Bersama dengan anggota keluarganya, petani itu menggali lahan seluas 500 meter persegi. Mereka membuat tiga lubang dengan ukuran masing-masing 2 meter x 3 meter. Dari sana tampak mosaik seukuran 23 meter persegi. Dugaannya, ukuran mosaik itu lebih besar daripada yang terlihat sekarang.
”Indah sekali. Ini peninggalan mosaik terpenting di Gaza karena luar biasa dari kerumitan desain dan konteks gambarnya,” kata Rene Elter, arkeolog Sekolah Kajian Alkitab dan Arkeologi Perancis di Jerusalem, Sabtu (17/9/2022).
Ia menjelaskan, dari penggalian sementara, sudah ditemukan 17 mosaik gambar berbagai jenis hewan, mayoritas adalah mamalia dan burung. Warna tegel mosaiknya masih cerah. Ini adalah fenomena luar biasa karena biasanya mosaik kuno yang ditemukan sudah memudar. Dugaan para arkeolog, mosaik itu berasal dari abad ke-5 Masehi sampai dengan abad ke-17 Masehi.
”Tentu saja harus dilakukan penelitian mendalam. Kami juga ingin mencari tahu mosaik ini merupakan peninggalan keagamaan atau sekadar karya seni,” kata Elter.
Permasalahannya, para ahli arkeologi dan sejarah mengkhawatirkan lemahnya pelestarian situs-situs bersejarah. Wilayah Gaza memiliki persoalan sosial yang kompleks. Luas wilayah ini hanya 300 kilometer persegi, sementara jumlah penduduknya mencapai 2,3 juta jiwa. Praktis, otoritas setempat mengutamakan kepentingan penduduk dibandingkan dengan perawatan artefak kuno.
Selain itu, juga ada masalah keamanan. Konflik antara Hamas dan Israel masih kerap pecah di Gaza.

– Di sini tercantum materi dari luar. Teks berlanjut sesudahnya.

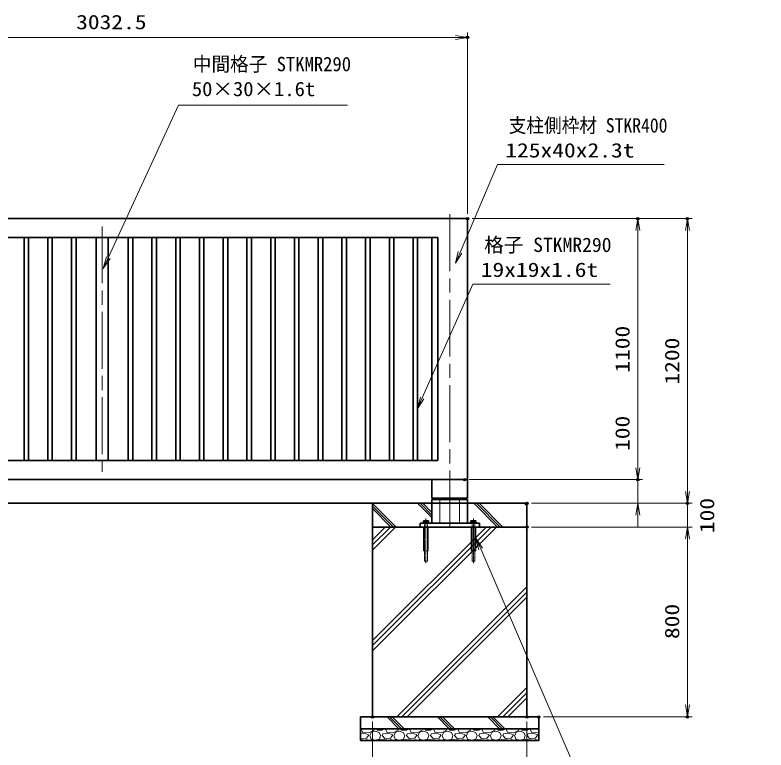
# Model space of a CAD drawing. Units: millimetres at full size. Extents: x -5940 to 5940, y -4200 to 4200.
# Drawn here: x -2394 to 769, y -2539 to 559 of the extents above; entities that cross this region are included whole.
import ezdxf
from ezdxf.enums import TextEntityAlignment as Align

# ---------------------------------------------------------------- set-up
doc = ezdxf.new("R2010")
doc.units = ezdxf.units.MM
doc.header["$LTSCALE"] = 20
doc.header["$PDMODE"] = 32
doc.header["$PDSIZE"] = 10
doc.linetypes.add('DASHED', pattern=[7.5, 6, -1.5])
doc.linetypes.add('USER1', pattern=[18, 12, -1.5, 3, -1.5])
for name, color, linetype, lineweight in [('0-1_軸線', 200, 'USER1', 15), ('0-2_外形線', 7, 'Continuous', 35), ('0-3_寸法線', 4, 'Continuous', 18), ('0-4_0', 7, 'Continuous', 18), ('0-9_細線', 2, 'Continuous', 35), ('0-A_隠れ線', 140, 'DASHED', 18), ('0-F_ハッチング', 253, 'Continuous', 13)]:
    doc.layers.add(name, color=color, linetype=linetype, lineweight=lineweight)
doc.layers.add('0-5_Defpoints', color=7, linetype='Continuous')
doc.styles.add('ＭＳ ゴシック', font='')
doc.styles.get('ＭＳ ゴシック').set_extended_font_data('MS Gothic')

# ---------------------------------------------------------------- blocks, each defined once
blk = doc.blocks.new('PROFSP005ACXU6')
at = {"layer": '0-2_外形線'}
for p, q in [((12, 166), (12, 0)), ((199.9, 103.9), (12, 103.9)), ((12, -166), (12, 0)), ((216, 0), (216, 180)), ((199.9, -103.9), (12, -103.9))]:
    blk.add_line(p, q, dxfattribs=at)
for points in [[(108, 207.8), (12, 207.8), (12, 166), (0, 166), (0, 0)], [(108, -207.8), (12, -207.8), (12, -166), (0, -166), (0, 0)], [(216, 180), (199.9, 207.8), (108, 207.8)], [(216, 0), (216, -180), (199.9, -207.8), (108, -207.8)]]:
    blk.add_lwpolyline(points, dxfattribs=at)
for centre, radius, start, end in [((124, 155.9), 92, 325.61587, 34.38413), ((-127.9, 0), 343.9, 342.41211, 17.58789), ((124, -155.9), 92, 325.61587, 34.38413)]:
    blk.add_arc(centre, radius, start, end, dxfattribs=at)
blk = doc.blocks.new('A$C7A822601')
at = {"layer": '0-4_0', "rotation": 90}
blk.add_blockref('PROFSP005ACXU6', (0, 0), dxfattribs=at)
blk = doc.blocks.new('A$C6D307EEA')
at = {"layer": '0-1_軸線'}
for p, q in [((-2000, 706.8), (-2000, -3050.8)), ((2000, 706.8), (2000, -3050.8))]:
    blk.add_line(p, q, dxfattribs=at)
at = {"layer": '0-2_外形線'}
for p, q in [((-1500, 4000), (-1500, 2420)), ((-1500, 4000), (1500, 4000)), ((1500, 4000), (1500, 2420)), ((1500, 2420), (-1500, 2420)), ((1500, 2320), (-1500, 2320)), ((-1500, 2320), (-1500, 320)), ((1500, 2320), (1500, 320))]:
    blk.add_line(p, q, dxfattribs=at)
blk.add_lwpolyline([(-2500, 320), (2500, 320), (2500, 0), (-2500, 0)], close=True, dxfattribs=at)
at = {"layer": '0-9_細線'}
for p, q in [((-826, 2420), (-826, 2320)), ((826, 2420), (826, 2320))]:
    blk.add_line(p, q, dxfattribs=at)
at = {"layer": '0-A_隠れ線'}
for p, q in [((-826, 2320), (-826, 320)), ((826, 2320), (826, 320)), ((-2120, 320), (-2120, 0)), ((-2120, 0), (-2120, -2880)), ((-1880, 320), (-1880, 0)), ((-1880, -2880), (-1880, 0)), ((1800, 0), (1800, -2000)), ((1880, 320), (1880, 0)), ((2120, 320), (2120, 0)), ((2120, -2880), (2120, 0)), ((2200, -2000), (2200, 0)), ((1800, -2000), (2200, -2000)), ((-2120, -2880), (-1880, -2880))]:
    blk.add_line(p, q, dxfattribs=at)
for points in [[(-2200, 0), (-2200, -2000), (-1800, -2000), (-1800, 0)], [(1880, 0), (1880, -2880), (2120, -2880)]]:
    blk.add_lwpolyline(points, dxfattribs=at)
at = {"layer": '0-9_細線'}
for p in [(-2000, 320), (2000, 320)]:
    blk.add_blockref('A$C7A822601', p, dxfattribs=at)
blk = doc.blocks.new('_Open')
at = {"layer": '0-4_0'}
blk.add_line((-20, 3.333), (0, 0), dxfattribs=at)
blk.add_lwpolyline([(-20, -3.333), (0, 0), (-20, 0)], dxfattribs=at)
blk = doc.blocks.new('S37')
at = {"layer": '0-3_寸法線'}
for points in [[(-5703938.6, 54935164.4), (-5717621, 54935164.4), (-5727415.6, 54957903.2), (-5727811.2, 54958821.6)], [(-5727262.5, 54957969.2), (-5727811.2, 54958821.6), (-5727568.7, 54957837.3)]]:
    blk.add_lwpolyline(points, dxfattribs=at)
at = {"layer": '0-3_寸法線', "color": 254, "style": 'ＭＳ ゴシック'}
for s, width, p in [('アンカ-ボルト', 0.75, (-5716361, 54937661.2)), ('M12×160\u3000ユニクロ', 0.9, (-5716553, 54935561.2))]:
    blk.add_text(s, height=1212, dxfattribs=dict(at, width=width)).set_placement(p, align=Align.BOTTOM_LEFT)
blk = doc.blocks.new('S40')
at = {"layer": '0-3_寸法線'}
for points in [[(-5711973.2, 54990297.7), (-5726003, 54990297.7), (-5729146.5, 54982898.9), (-5729537.5, 54981978.6)], [(-5729299.9, 54982964.1), (-5729537.5, 54981978.6), (-5728993.1, 54982833.8)]]:
    blk.add_lwpolyline(points, dxfattribs=at)
at = {"layer": '0-3_寸法線', "color": 254, "style": 'ＭＳ ゴシック'}
for s, width, p in [('支柱側枠材 STKR400', 0.9, (-5725058, 54992637)), ('125x40x2.3t', 1.2, (-5725346, 54990537))]:
    blk.add_text(s, height=1212, dxfattribs=dict(at, width=width)).set_placement(p, align=Align.BOTTOM_LEFT)
blk = doc.blocks.new('S41')
at = {"layer": '0-3_寸法線'}
for points in [[(-5716516.4, 54980229.9), (-5728069.4, 54980229.9), (-5732344.3, 54970631.2), (-5732751.2, 54969717.7)], [(-5732496.6, 54970699), (-5732751.2, 54969717.7), (-5732192.1, 54970563.4)]]:
    blk.add_lwpolyline(points, dxfattribs=at)
at = {"layer": '0-3_寸法線', "color": 254, "style": 'ＭＳ ゴシック'}
blk.add_text('格子 STKMR290', height=1212, dxfattribs=at).set_placement((-5727124.4, 54982569.3), align=Align.BOTTOM_LEFT)
at = {"layer": '0-3_寸法線', "color": 254, "style": 'ＭＳ ゴシック', "width": 1.2}
blk.add_text('19x19x1.6t', height=1212, dxfattribs=at).set_placement((-5727412.4, 54980469.3), align=Align.BOTTOM_LEFT)
blk = doc.blocks.new('S43')
at = {"layer": '0-3_寸法線'}
for points in [[(-5738640, 54995309.2), (-5752860, 54995309.2), (-5758785.3, 54982442.7), (-5759203.5, 54981534.4)], [(-5758936.6, 54982512.4), (-5759203.5, 54981534.4), (-5758633.9, 54982373)]]:
    blk.add_lwpolyline(points, dxfattribs=at)
at = {"layer": '0-3_寸法線', "color": 254, "style": 'ＭＳ ゴシック'}
for s, width, p in [('中間格子 STKMR290', 0.95, (-5751667.2, 54997806)), ('50×30×1.6t', 1.05, (-5751744, 54995706))]:
    blk.add_text(s, height=1212, dxfattribs=dict(at, width=width)).set_placement(p, align=Align.BOTTOM_LEFT)

msp = doc.modelspace()

# ---------------------------------------------------------------- linework, layer by layer
at = {"layer": '0-1_軸線'}
for p, q in [((-562.97, -281.11), (-562.97, -1617.68)), ((-2026.72, -332.17), (-2026.72, -1366.17))]:
    msp.add_line(p, q, dxfattribs=at)
at = {"layer": '0-2_外形線'}
for p, q in [((-3520.47, -299.17), (-487.97, -299.17)), ((-487.97, -299.17), (-487.97, -1399.17)), ((-3440.47, -379.17), (-612.97, -379.17)), ((-612.97, -379.17), (-612.97, -1319.17)), ((-612.97, -1319.17), (-3440.47, -1319.17)), ((-487.97, -1399.17), (-3520.47, -1399.17)), ((-3887.97, -1499.17), (-237.97, -1499.17))]:
    msp.add_line(p, q, dxfattribs=at)
for points in [[(-2355.6, -1319.17), (-2336.6, -1319.17), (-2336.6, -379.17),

Bahkan, mosaik ini hanya berjarak 1 kilometer dari perbatasan dengan Israel.
Berdasarkan pengalaman sebelumnya, situs-situs bersejarah banyak yang rusak terkena hantaman peluru ataupun rudal. Ada pula situs yang dijarah, seperti Biara Santo Hilarion dan beberapa makam era Romawi Kuno, Bizantium, dan Kekhalifahan Utsmani.
Pada tahun 2017, Hamas membumiratakan sebuah situs peninggalan zaman perunggu berusia 4.500 tahun di Tel Es-Sakan. Situs itu diekskavasi pada tahun 1997 dan terpaksa dihentikan pada tahun 2002 karena isu keamanan. Usia permukiman zaman perunggu itu diperkirakan 1.000 tahun lebih tua daripada piramida di Mesir.
”Setelah itu, pada tahun 2017, situs seluas 100 hektar itu digusur demi membuat kompleks perumahan,” kata Mouin Sadeq, arkeolog Palestina yang terlibat dalam ekskavasi 1997-2002. Komunitas pelestarian cagar budaya dibuat patah hati oleh peristiwa ini.
Dilansir dari media Al-Monitor, pada tahun 2013, Asosiasi Warisan Kebudayaan Al-Qala Palestina mengajukan kepada pengadilan di Gaza agar situs-situs bersejarah dijadikan lokasi cagar budaya. Harapannya, situs ini mendapat perlindungan dan pelestarian yang pantas.
Namun, permohonan itu ditolak oleh pengadilan. Menteri Pariwisata dan Artefak Bersejarah Gaza saat itu, Mohammed Khalla, menjelaskan bahwa semua situs itu berada di lahan milik pribadi. ”Pemerintah harus membayar ganti rugi kepada pemilik lahan dan kami tidak punya anggaran,” ujarnya. (AP)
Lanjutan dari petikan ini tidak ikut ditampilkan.